(Data extracted from a collection)
________________

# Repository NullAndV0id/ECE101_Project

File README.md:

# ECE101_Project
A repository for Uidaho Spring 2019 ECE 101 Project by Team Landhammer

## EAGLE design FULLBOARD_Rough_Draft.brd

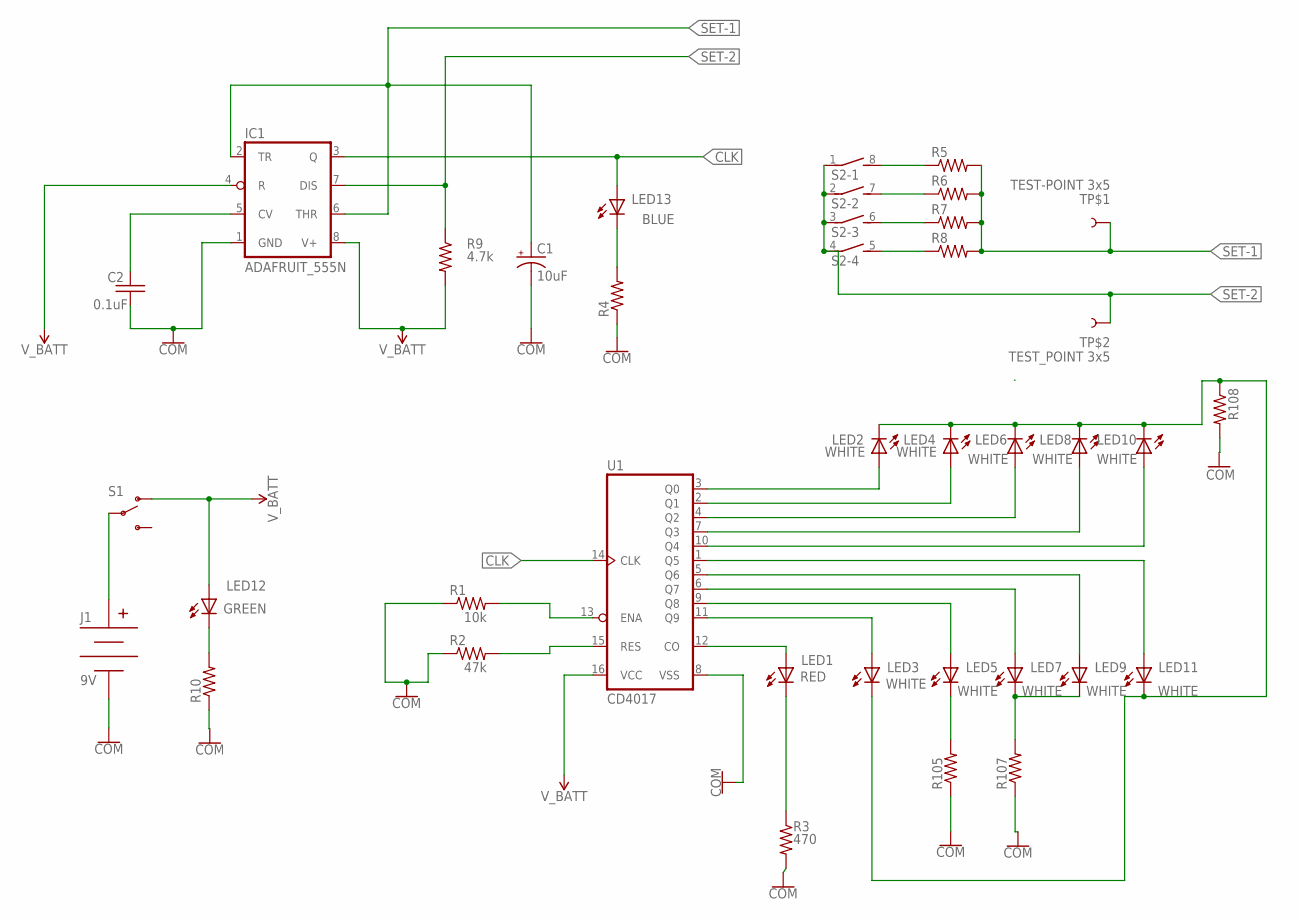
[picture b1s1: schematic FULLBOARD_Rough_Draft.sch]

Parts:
C1: 10uF; ADAFRUIT_E2-5
C2: 0.1uF; ADAFRUIT_C025-025X050
IC1: ADAFRUIT_555N; ADAFRUIT_DIL08-ROUND
J1: 9V; SPARKFUN-CONNECTORS_BC9VPC
LED1: RED; ADAFRUIT_LED5MM
LED2, LED3, LED4, LED5, LED6, LED7, LED8, LED9, LED10, LED11: WHITE; ADAFRUIT_LED5MM
LED12, LED13: ADAFRUIT_LED5MM
R1: 10k; ADAFRUIT_0207/10
R2: 47k; ADAFRUIT_0207/10
R3: 470; ADAFRUIT_0207/10
R4, R5, R6, R7, R8, R10, R105, R107, R108: ADAFRUIT_R-US_0207/10; ADAFRUIT_0207/10
R9: 4.7k; ADAFRUIT_0207/10
S1: SPARKFUN-SWITCHES_SWITCH-SPDT-PTH-11.6X4.0MM; SPARKFUN-SWITCHES_SWITCH_SPDT_PTH_11.6X4.0MM
S2: SWITCH-DIL_DIP04S
TP$1: TEST-POINT 3x5; SPARKFUN-CONNECTORS_PAD.03X.05
TP$2: TEST_POINT 3x5; SPARKFUN-CONNECTORS_PAD.03X.05
U1: CD4017; SPARKFUN-IC-LOGIC_DIP16

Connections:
CLK: IC1.3 (Q), LED13.A, U1.14 (CLK)
COLOR_COMMON: LED1.K (C), R3.1
GND: C1.-, C2.2, IC1.1 (GND), J1.V-, R1.1, R2.1, R3.2, R4.1, R10.1, R105.1, R107.1, R108.2, U1.8 (VSS)
unnamed: R1.2, U1.13 (ENA)
unnamed: R2.2, U1.15 (RES)
unnamed: LED3.A, U1.11 (Q9)
unnamed: LED5.A, U1.9 (Q8)
unnamed: LED12.K (C), R10.2
unnamed: LED7.A, U1.6 (Q7)
unnamed: LED1.A, U1.12 (CO)
unnamed: LED9.A, U1.5 (Q6)
unnamed: LED11.A, U1.1 (Q5)
unnamed: LED2.K (C), LED3.K (C), LED4.K (C), LED6.K (C), LED8.K (C), LED10.K (C), LED11.K (C), R108.1
unnamed: LED2.A, U1.3 (Q0)
unnamed: LED4.A, U1.2 (Q1)
unnamed: LED6.A, U1.4 (Q2)
unnamed: LED8.A, U1.7 (Q3)
unnamed: LED10.A, U1.10 (Q4)
unnamed: LED13.K (C), R4.2
unnamed: LED5.K (C), R105.2
unnamed: LED7.K (C), LED9.K (C), R107.2
unnamed: J1.V+, S1.2
unnamed: R5.1, S2.8 (2)
unnamed: R6.1, S2.7 (2)
unnamed: R7.1, S2.6 (2)
unnamed: R8.1, S2.5 (2)
unnamed: C2.1, IC1.5 (CV)
SET-1: C1.+, IC1.2 (TR), IC1.6 (THR), R5.2, R6.2, R7.2, R8.2, TP$1.P$1
SET-2: IC1.7 (DIS), R9.1, S2.1, S2.2 (1), S2.3 (1), S2.4 (1), TP$2.P$1
V_BATT: IC1.4 (R), IC1.8 (V+), LED12.A, R9.2, S1.1 (O), U1.16 (VCC)

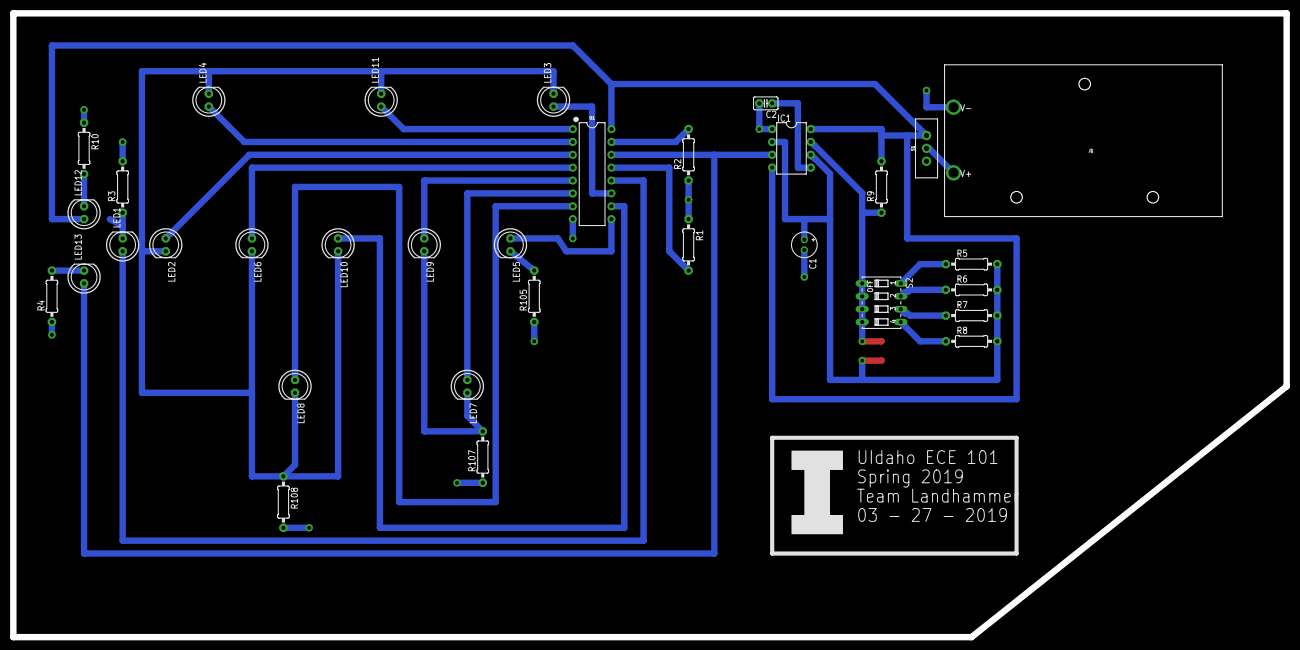
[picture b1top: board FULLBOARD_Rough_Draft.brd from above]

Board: 2 copper layers, 251.5 x 123.2 mm, 35 parts (0 on the bottom side), 30 nets.

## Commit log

2019-03-29 Inital Commit: All material up to this point minus schematic C.

________________

Please transcribe the entries precisely and omit any images they hold.

# Repository NullAndV0id/ECE101_Project

File README.md:

# ECE101_Project
A repository for Uidaho Spring 2019 ECE 101 Project by Team Landhammer

## EAGLE design FULLBOARD_Rough_Draft.brd

[picture b1s1: schematic FULLBOARD_Rough_Draft.sch]

Parts:
C1: 10uF; ADAFRUIT_E2-5
C2: 0.1uF; ADAFRUIT_C025-025X050
IC1: ADAFRUIT_555N; ADAFRUIT_DIL08-ROUND
J1: 9V; SPARKFUN-CONNECTORS_BC9VPC
LED1: RED; ADAFRUIT_LED5MM
LED2, LED3, LED4, LED5, LED6, LED7, LED8, LED9, LED10, LED11: WHITE; ADAFRUIT_LED5MM
LED12, LED13: ADAFRUIT_LED5MM
R1: 10k; ADAFRUIT_0207/10
R2: 47k; ADAFRUIT_0207/10
R3: 470; ADAFRUIT_0207/10
R4, R5, R6, R7, R8, R10, R105, R107, R108: ADAFRUIT_R-US_0207/10; ADAFRUIT_0207/10
R9: 4.7k; ADAFRUIT_0207/10
S1: SPARKFUN-SWITCHES_SWITCH-SPDT-PTH-11.6X4.0MM; SPARKFUN-SWITCHES_SWITCH_SPDT_PTH_11.6X4.0MM
S2: SWITCH-DIL_DIP04S
TP$1: TEST-POINT 3x5; SPARKFUN-CONNECTORS_PAD.03X.05
TP$2: TEST_POINT 3x5; SPARKFUN-CONNECTORS_PAD.03X.05
U1: CD4017; SPARKFUN-IC-LOGIC_DIP16

Connections:
CLK: IC1.3 (Q), LED13.A, U1.14 (CLK)
COLOR_COMMON: LED1.K (C), R3.1
GND: C1.-, C2.2, IC1.1 (GND), J1.V-, R1.1, R2.1, R3.2, R4.1, R10.1, R105.1, R107.1, R108.2, U1.8 (VSS)
unnamed: R1.2, U1.13 (ENA)
unnamed: R2.2, U1.15 (RES)
unnamed: LED3.A, U1.11 (Q9)
unnamed: LED5.A, U1.9 (Q8)
unnamed: LED12.K (C), R10.2
unnamed: LED7.A, U1.6 (Q7)
unnamed: LED1.A, U1.12 (CO)
unnamed: LED9.A, U1.5 (Q6)
unnamed: LED11.A, U1.1 (Q5)
unnamed: LED2.K (C), LED3.K (C), LED4.K (C), LED6.K (C), LED8.K (C), LED10.K (C), LED11.K (C), R108.1
unnamed: LED2.A, U1.3 (Q0)
unnamed: LED4.A, U1.2 (Q1)
unnamed: LED6.A, U1.4 (Q2)
unnamed: LED8.A, U1.7 (Q3)
unnamed: LED10.A, U1.10 (Q4)
unnamed: LED13.K (C), R4.2
unnamed: LED5.K (C), R105.2
unnamed: LED7.K (C), LED9.K (C), R107.2
unnamed: J1.V+, S1.2
unnamed: R5.1, S2.8 (2)
unnamed: R6.1, S2.7 (2)
unnamed: R7.1, S2.6 (2)
unnamed: R8.1, S2.5 (2)
unnamed: C2.1, IC1.5 (CV)
SET-1: C1.+, IC1.2 (TR), IC1.6 (THR), R5.2, R6.2, R7.2, R8.2, TP$1.P$1
SET-2: IC1.7 (DIS), R9.1, S2.1, S2.2 (1), S2.3 (1), S2.4 (1), TP$2.P$1
V_BATT: IC1.4 (R), IC1.8 (V+), LED12.A, R9.2, S1.1 (O), U1.16 (VCC)

[picture b1top: board FULLBOARD_Rough_Draft.brd from above]

Board: 2 copper layers, 251.5 x 123.2 mm, 35 parts (0 on the bottom side), 30 nets.

## Commit log

2019-03-29 Inital Commit: All material up to this point minus schematic C.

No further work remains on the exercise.